MCRCR
Multiplies two complex rectangular matrices, AB.
Required Arguments
A — Complex NRA by NCA rectangular matrix. (Input)
B — Complex NRB by NCB rectangular matrix. (Input)
C — Complex NRC by NCC rectangular matrix containing the product A * B. (Output)
Optional Arguments
NRA — Number of rows of A. (Input)
Default: NRA = SIZE (A,1).
NCA — Number of columns of A. (Input)
Default: NCA = SIZE (A,2).
LDA — Leading dimension of A exactly as specified in the dimension statement of the calling program. (Input)
Default: LDA = SIZE (A,1).
NRB — Number of rows of B. (Input)
NRB must be equal to NCA.
Default: NRB = SIZE (B,1).
NCB — Number of columns of B. (Input)
Default: NCB = SIZE (B,2).
LDB — Leading dimension of B exactly as specified in the dimension statement of the calling program. (Input)
Default: LDB = SIZE (B,1).
NRC — Number of rows of C. (Input)
NRC must be equal to NRA.
Default: NRC = SIZE (C,1).
NCC — Number of columns of C. (Input)
NCC must be equal to NCB.
Default: NCC = SIZE (C,2).
LDC — Leading dimension of C exactly as specified in the dimension statement of the calling program. (Input)
Default: LDC = SIZE (C,1).
FORTRAN 90 Interface
Generic: CALL MCRCR (A, B, C [, …])
Specific: The specific interface names are S_MCRCR and D_MCRCR.
FORTRAN 77 Interface
Single: CALL MCRCR (NRA, NCA, A, LDA, NRB, NCB, B, LDB, NRC, NCC, C, LDC)
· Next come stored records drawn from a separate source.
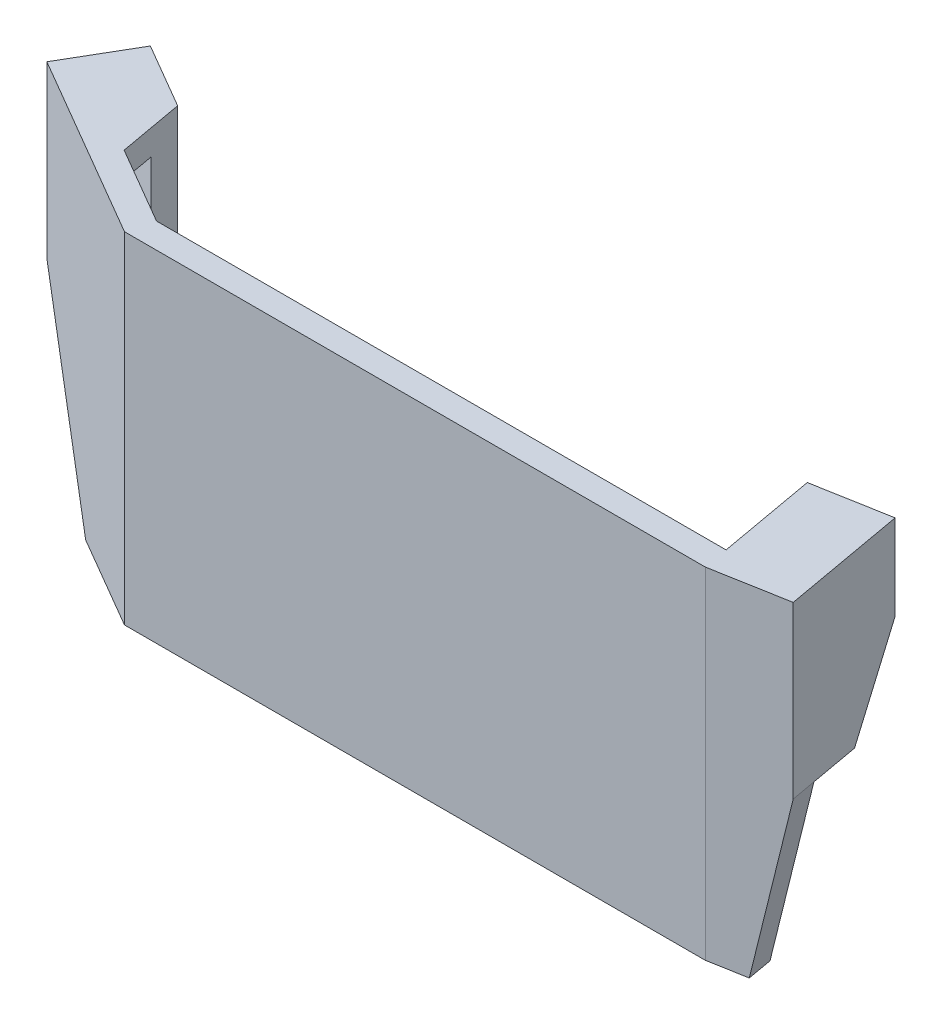
ISO-10303-21;
HEADER;
FILE_DESCRIPTION(('STEP AP214'),'2;1');
FILE_NAME('part.step','',(''),(''),'','','');
FILE_SCHEMA(('AUTOMOTIVE_DESIGN { 1 0 10303 214 1 1 1 1 }'));
ENDSEC;
DATA;
#1=APPLICATION_CONTEXT('core data for automotive mechanical design processes');
#2=APPLICATION_PROTOCOL_DEFINITION('international standard','automotive_design',2000,#1);
#3=PRODUCT_CONTEXT('',#1,'mechanical');
#4=PRODUCT('Part','Part','',(#3));
#5=PRODUCT_RELATED_PRODUCT_CATEGORY('part','',(#4));
#6=PRODUCT_DEFINITION_FORMATION('','',#4);
#7=PRODUCT_DEFINITION_CONTEXT('part definition',#1,'design');
#8=PRODUCT_DEFINITION('design','',#6,#7);
#9=PRODUCT_DEFINITION_SHAPE('','',#8);
#10=(LENGTH_UNIT() NAMED_UNIT(*) SI_UNIT(.MILLI.,.METRE.));
#11=(NAMED_UNIT(*) PLANE_ANGLE_UNIT() SI_UNIT($,.RADIAN.));
#12=(NAMED_UNIT(*) SI_UNIT($,.STERADIAN.) SOLID_ANGLE_UNIT());
#13=UNCERTAINTY_MEASURE_WITH_UNIT(LENGTH_MEASURE(1.E-05),#10,'distance_accuracy_value','');
#14=(GEOMETRIC_REPRESENTATION_CONTEXT(3) GLOBAL_UNCERTAINTY_ASSIGNED_CONTEXT((#13)) GLOBAL_UNIT_ASSIGNED_CONTEXT((#10,
#11,#12)) REPRESENTATION_CONTEXT('',''));
#15=CARTESIAN_POINT('',(0.,0.,0.));
#16=DIRECTION('',(0.,0.,1.));
#17=DIRECTION('',(1.,0.,0.));
#18=AXIS2_PLACEMENT_3D('',#15,#16,#17);
#19=CARTESIAN_POINT('',(0.,-2.,0.));
#20=DIRECTION('',(0.,-1.,0.));
#21=DIRECTION('',(0.,0.,-1.));
#22=AXIS2_PLACEMENT_3D('',#19,#20,#21);
#23=PLANE('',#22);
#24=DIRECTION('',(-0.50344570110163,0.,0.864026866504907));
#25=VECTOR('',#24,1.);
#26=CARTESIAN_POINT('',(-34.7487526832088,-2.,-13.7751158130893));
#27=LINE('',#26,#25);
#28=CARTESIAN_POINT('',(-35.7556440854121,-2.,-12.0470620800794));
#29=VERTEX_POINT('',#28);
#30=CARTESIAN_POINT('',(-36.7625354876154,-2.,-10.3190083470696));
#31=VERTEX_POINT('',#30);
#32=EDGE_CURVE('E304',#29,#31,#27,.T.);
#33=ORIENTED_EDGE('',*,*,#32,.F.);
#34=DIRECTION('',(-0.864026866504906,0.,-0.503445701101632));
#35=VECTOR('',#34,1.);
#36=CARTESIAN_POINT('',(-35.7556440854121,-2.,-12.0470620800794));
#37=LINE('',#36,#35);
#38=CARTESIAN_POINT('',(-29.1011783824715,-2.,-8.16968015927702));
#39=VERTEX_POINT('',#38);
#40=EDGE_CURVE('E365',#39,#29,#37,.T.);
#41=ORIENTED_EDGE('',*,*,#40,.F.);
#42=DIRECTION('',(-0.176472793536462,0.,-0.984305518191094));
#43=VECTOR('',#42,1.);
#44=CARTESIAN_POINT('',(-29.5645914841794,-2.,-10.7544416064795));
#45=LINE('',#44,#43);
#46=CARTESIAN_POINT('',(-28.6377652807636,-2.,-5.58491871207465));
#47=VERTEX_POINT('',#46);
#48=EDGE_CURVE('E261',#47,#39,#45,.T.);
#49=ORIENTED_EDGE('',*,*,#48,.F.);
#50=DIRECTION('',(0.864026866504909,0.,0.503445701101626));
#51=VECTOR('',#50,1.);
#52=CARTESIAN_POINT('',(-22.4852326944472,-2.,-1.9999999999999));
#53=LINE('',#52,#51);
#54=EDGE_CURVE('E329',#31,#47,#53,.T.);
#55=ORIENTED_EDGE('',*,*,#54,.F.);
#56=EDGE_LOOP('',(#33,#41,#49,#55));
#57=FACE_BOUND('',#56,.T.);
#58=ADVANCED_FACE('F45',(#57),#23,.T.);
#59=DIRECTION('',(-0.984305518191093,0.,0.176472793536464));
#60=VECTOR('',#59,1.);
#61=CARTESIAN_POINT('',(27.1665078734454,-2.,-10.9018919431298));
#62=LINE('',#61,#60);
#63=CARTESIAN_POINT('',(25.1978968370632,-2.,-10.5489463560569));
#64=VERTEX_POINT('',#63);
#65=CARTESIAN_POINT('',(23.229285800681,-2.,-10.1960007689839));
#66=VERTEX_POINT('',#65);
#67=EDGE_CURVE('E300',#64,#66,#62,.T.);
#68=ORIENTED_EDGE('',*,*,#67,.F.);
#69=DIRECTION('',(-0.176472793536465,0.,-0.984305518191093));
#70=VECTOR('',#69,1.);
#71=CARTESIAN_POINT('',(25.1978968370632,-2.,-10.5489463560569));
#72=LINE('',#71,#70);
#73=CARTESIAN_POINT('',(26.6040515650291,-2.,-2.7058911721351));
#74=VERTEX_POINT('',#73);
#75=EDGE_CURVE('E360',#74,#64,#72,.T.);
#76=ORIENTED_EDGE('',*,*,#75,.F.);
#77=DIRECTION('',(0.984305518191093,0.,-0.176472793536463));
#78=VECTOR('',#77,1.);
#79=CARTESIAN_POINT('',(28.5726626014113,-2.,-3.05883675920802));
#80=LINE('',#79,#78);
#81=CARTESIAN_POINT('',(24.6354405286469,-2.,-2.35294558506218));
#82=VERTEX_POINT('',#81);
#83=EDGE_CURVE('E320',#82,#74,#80,.T.);
#84=ORIENTED_EDGE('',*,*,#83,.F.);
#85=DIRECTION('',(0.176472793536464,0.,0.984305518191093));
#86=VECTOR('',#85,1.);
#87=CARTESIAN_POINT('',(23.229285800681,-2.,-10.1960007689839));
#88=LINE('',#87,#86);
#89=EDGE_CURVE('E325',#66,#82,#88,.T.);
#90=ORIENTED_EDGE('',*,*,#89,.F.);
#91=EDGE_LOOP('',(#68,#76,#84,#90));
#92=FACE_BOUND('',#91,.T.);
#93=ADVANCED_FACE('F546',(#92),#23,.T.);
#94=CARTESIAN_POINT('',(28.5726626014113,-27.,-3.05883675920802));
#95=DIRECTION('',(0.176472793536463,0.,0.984305518191093));
#96=DIRECTION('',(0.984305518191094,0.,-0.176472793536463));
#97=AXIS2_PLACEMENT_3D('',#94,#95,#96);
#98=PLANE('',#97);
#99=DIRECTION('',(-0.984305518191094,0.,0.176472793536459));
#100=VECTOR('',#99,1.);
#101=CARTESIAN_POINT('',(26.6040515650291,-13.5,-2.7058911721351));
#102=LINE('',#101,#100);
#103=CARTESIAN_POINT('',(28.5726626014113,-13.5,-3.05883675920802));
#104=VERTEX_POINT('',#103);
#105=CARTESIAN_POINT('',(26.6040515650291,-13.5,-2.7058911721351));
#106=VERTEX_POINT('',#105);
#107=EDGE_CURVE('E369',#104,#106,#102,.T.);
#108=ORIENTED_EDGE('',*,*,#107,.F.);
#109=DIRECTION('',(0.213525846694621,0.976187060183953,-0.0382823238944017));
#110=VECTOR('',#109,1.);
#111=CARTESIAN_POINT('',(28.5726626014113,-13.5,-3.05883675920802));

Double: The double precision name is DMCRCR.
Description
Given the complex rectangular matrices A and B, MCRCR computes the complex rectangular matrix C = AB.
Example
Multiply a 3 × 4 complex matrix by a 4 × 3 complex matrix. The output matrix will be a 3 × 3 complex matrix.
USE MCRCR_INT
USE WRCRN_INT
IMPLICIT NONE
! Declare variables
INTEGER NCA, NCB, NCC, NRA, NRB, NRC
PARAMETER (NCA=4, NCB=3, NCC=3, NRA=3, NRB=4, NRC=3)
!
COMPLEX A(NRA,NCA), B(NRB,NCB), C(NRC,NCC)
! Set values for A
! A = ( 1.0 + 1.0i -1.0+ 2.0i 0.0 + 1.0i 0.0 - 2.0i )
! ( 3.0 + 7.0i 6.0 - 4.0i 2.0 - 1.0i 0.0 + 1.0i )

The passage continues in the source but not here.